Fluid viscoelasticity suppresses chaotic convection and mixing due to electrokinetic instability

Abstract

When two fluids of different electrical conductivities are transported side by side in a microfluidic device under the influence of an electric field, an electrokinetic instability (EKI) is often generated after some critical values of the applied electric field strength and conductivity ratio. Many prior experimental and numerical studies show that this phenomenon results in a chaotic flow field inside a microdevice, thereby facilitating the mixing of two fluids if they are Newtonian in behavior. However, the present numerical study shows that this chaotic convection arising due to the electrokinetic instability can be suppressed if the fluids are viscoelastic instead of Newtonian ones. In particular, we observe that as the Weissenberg number (ratio of the elastic to that of the viscous forces) gradually increases and the polymer viscosity ratio (ratio of the solvent viscosity to that of the zero-shear rate viscosity of the polymeric solution) gradually decreases, the chaotic fluctuation inside a T microfluidic junction decreases within the present range of conditions encompassed in this study.
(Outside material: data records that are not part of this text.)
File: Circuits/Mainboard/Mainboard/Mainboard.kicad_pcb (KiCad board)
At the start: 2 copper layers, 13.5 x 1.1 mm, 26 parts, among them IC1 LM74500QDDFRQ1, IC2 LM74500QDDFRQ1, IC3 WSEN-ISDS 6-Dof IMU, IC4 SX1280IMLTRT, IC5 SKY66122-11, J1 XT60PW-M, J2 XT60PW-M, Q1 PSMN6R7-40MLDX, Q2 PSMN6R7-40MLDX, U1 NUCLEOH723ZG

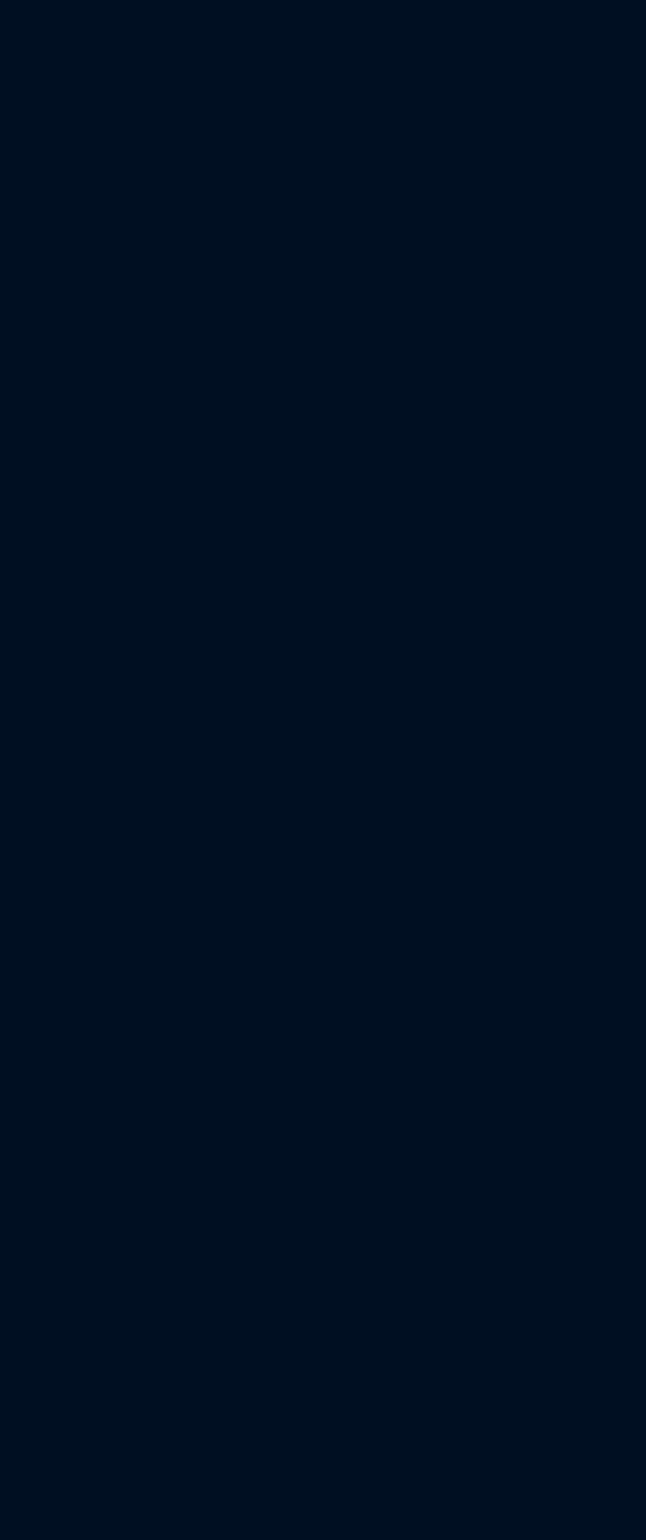
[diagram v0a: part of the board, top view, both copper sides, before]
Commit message: Added headers in the circuit for the mainboard in kicad
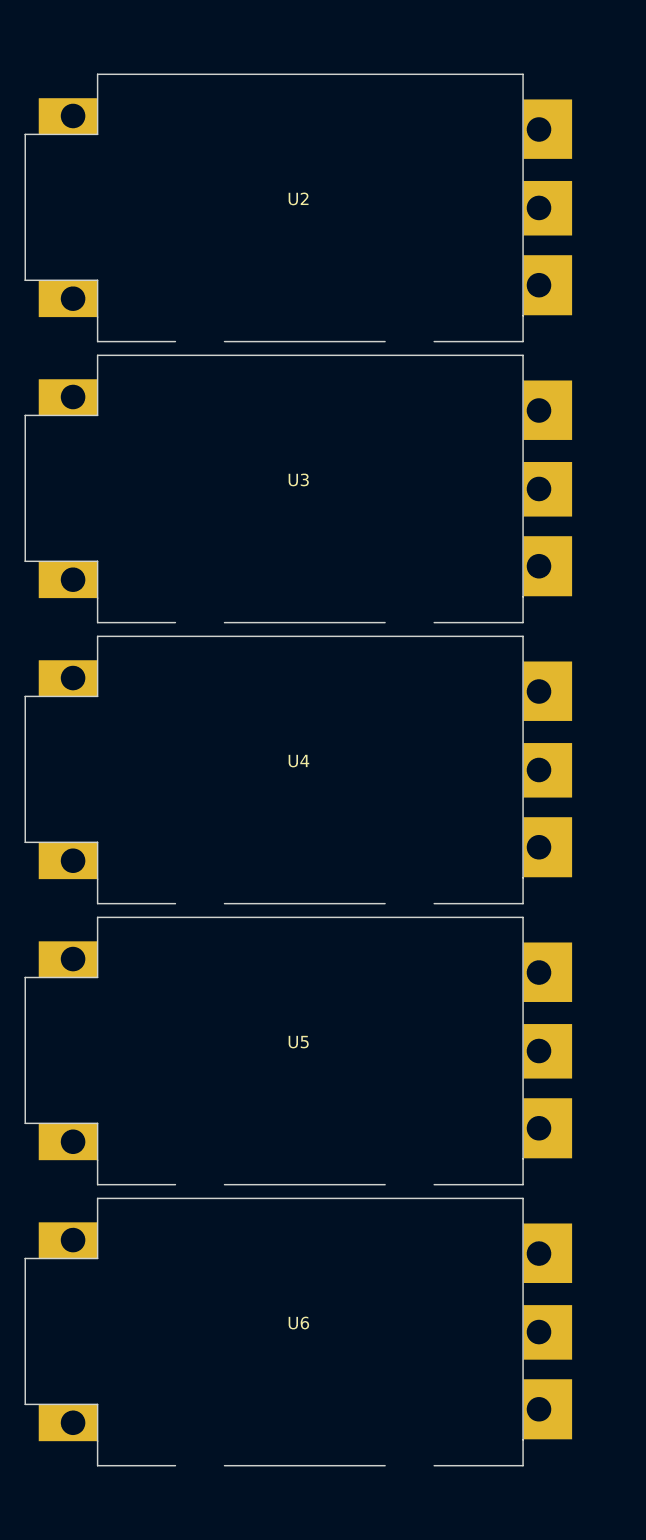
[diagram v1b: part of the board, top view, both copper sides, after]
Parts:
- added U2: B-G431B-ESC1, B-G431B-ESC1:B-G431B-ESC1_MOUNT, F.Cu at (50.4, 49.2)
- added U3: B-G431B-ESC1, B-G431B-ESC1:B-G431B-ESC1_MOUNT, F.Cu at (50.4, 72.2)
- added U4: B-G431B-ESC1, B-G431B-ESC1:B-G431B-ESC1_MOUNT, F.Cu at (50.4, 95.1)
- added U5: B-G431B-ESC1, B-G431B-ESC1:B-G431B-ESC1_MOUNT, F.Cu at (50.4, 118.0)
- added U6: B-G431B-ESC1, B-G431B-ESC1:B-G431B-ESC1_MOUNT, F.Cu at (50.4, 140.9)
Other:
- board size 13.5 x 1.1 mm -> 40.6 x 21.8 mm

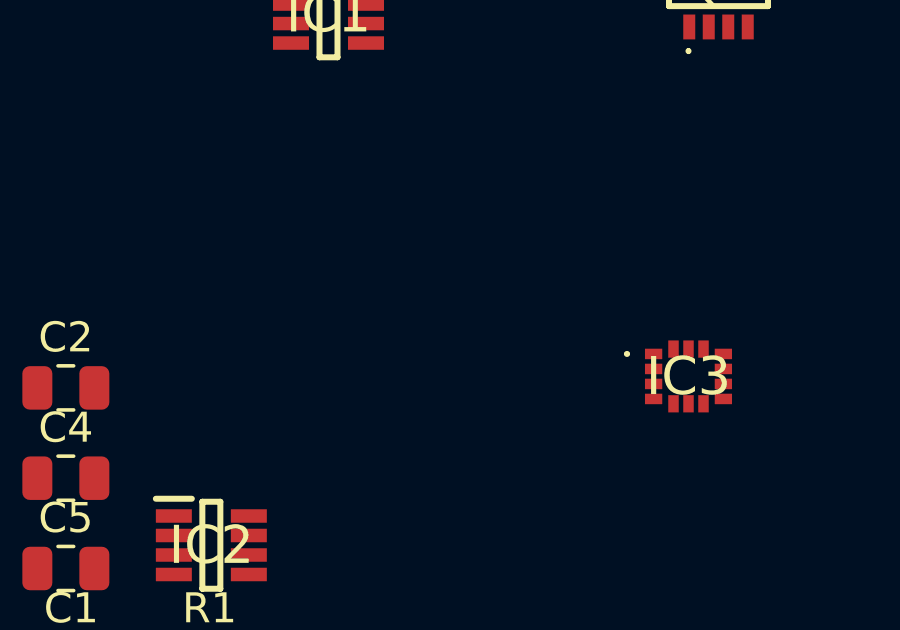
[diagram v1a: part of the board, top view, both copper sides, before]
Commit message: Removed unused components and added the rest of the nucleo to kicad schematic
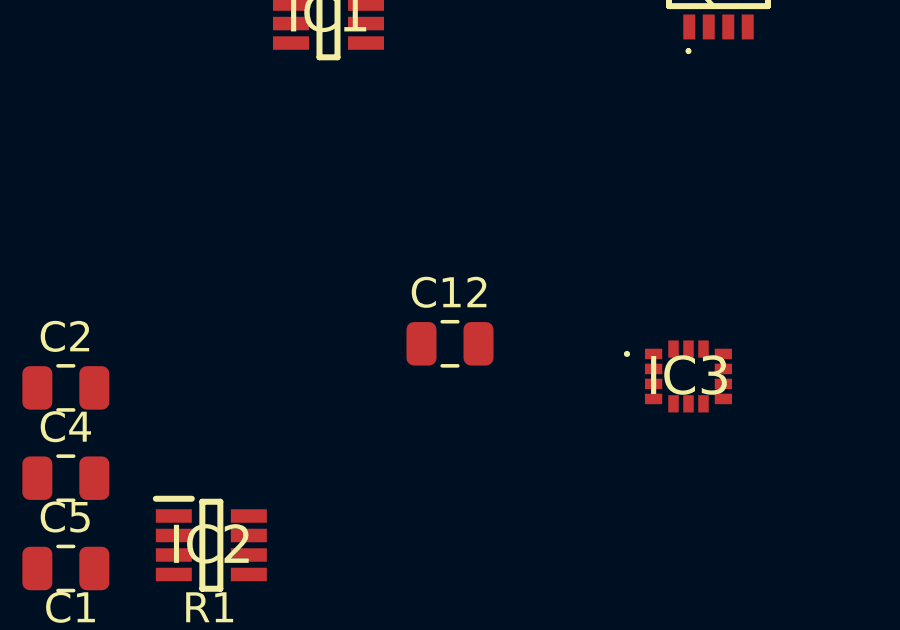
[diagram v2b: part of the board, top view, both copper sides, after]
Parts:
- added C12: 0.1uF, Capacitor_SMD:C_0805_2012Metric, F.Cu at (172.1, 61.5)
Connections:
- U1 pad CN10_1: (no net) -> unconnected-(U1F-AVDD-PadCN10_1)
- U1 pad CN10_10: (no net) -> unconnected-(U1F-D3/TIMER_A_PWM3-PadCN10_10)
- U1 pad CN10_11: (no net) -> unconnected-(U1F-A8/ADC_C_IN-PadCN10_11)
- U1 pad CN10_12: (no net) -> unconnected-(U1F-D2/IO-PadCN10_12)
- U1 pad CN10_13: (no net) -> unconnected-(U1F-D26/QSPI_CS-PadCN10_13)
- U1 pad CN10_14: (no net) -> unconnected-(U1F-D1/USART_A_TX-PadCN10_14)
- U1 pad CN10_15: (no net) -> unconnected-(U1F-D27/QSPI_CLK-PadCN10_15)
- U1 pad CN10_16: (no net) -> unconnected-(U1F-D0/USART_A_RX-PadCN10_16)
- U1 pad CN10_17: (no net) -> Net-(U1F-GND_CN10-PadCN10_17)
- U1 pad CN10_18: (no net) -> unconnected-(U1F-D42/TIMER_A_PWM1N-PadCN10_18)
- U1 pad CN10_19: (no net) -> unconnected-(U1F-D28/QSPI_BK1_IO3-PadCN10_19)
- U1 pad CN10_2: (no net) -> unconnected-(U1F-D7/IO-PadCN10_2)
- U1 pad CN10_20: (no net) -> unconnected-(U1F-D41/TIMER_A_ETR-PadCN10_20)
- U1 pad CN10_21: (no net) -> unconnected-(U1F-D29/QSPI_BK1_IO1-PadCN10_21)
- U1 pad CN10_22: (no net) -> Net-(U1F-GND_CN10-PadCN10_17)
- U1 pad CN10_23: (no net) -> unconnected-(U1F-D30/QSPI_BK1_IO0-PadCN10_23)
- U1 pad CN10_24: (no net) -> unconnected-(U1F-D40/TIMER_A_PWM2N-PadCN10_24)
- U1 pad CN10_25: (no net) -> unconnected-(U1F-D31/QSPI_BK1_IO2-PadCN10_25)
- U1 pad CN10_26: (no net) -> unconnected-(U1F-D39/TIMER_A_PWM3N-PadCN10_26)
- U1 pad CN10_27: (no net) -> Net-(U1F-GND_CN10-PadCN10_17)
- U1 pad CN10_28: (no net) -> unconnected-(U1F-D38/TIMER_A_BKIN2-PadCN10_28)
- U1 pad CN10_29: (no net) -> unconnected-(U1F-D32/TIMER_C_PWM1-PadCN10_29)
- U1 pad CN10_3: (no net) -> unconnected-(U1F-AGND_CN10-PadCN10_3)
- U1 pad CN10_30: (no net) -> unconnected-(U1F-D37/TIMER_A_BKIN1-PadCN10_30)
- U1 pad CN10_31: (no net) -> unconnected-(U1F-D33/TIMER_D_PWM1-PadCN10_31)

We demonstrate that this suppression of the chaotic motion occurs due to the formation of a strand of high elastic stresses at the interface of the two fluids. We further show that this suppression of the chaotic fluctuation (particularly, the span-wise one) inhibits the mixing of two viscoelastic fluids. Therefore, one needs to be cautious when the EKI phenomenon is planned to use for mixing such viscoelastic fluids. Our observations are in line with that seen in limited experimental studies conducted for these kinds of viscoelastic fluids.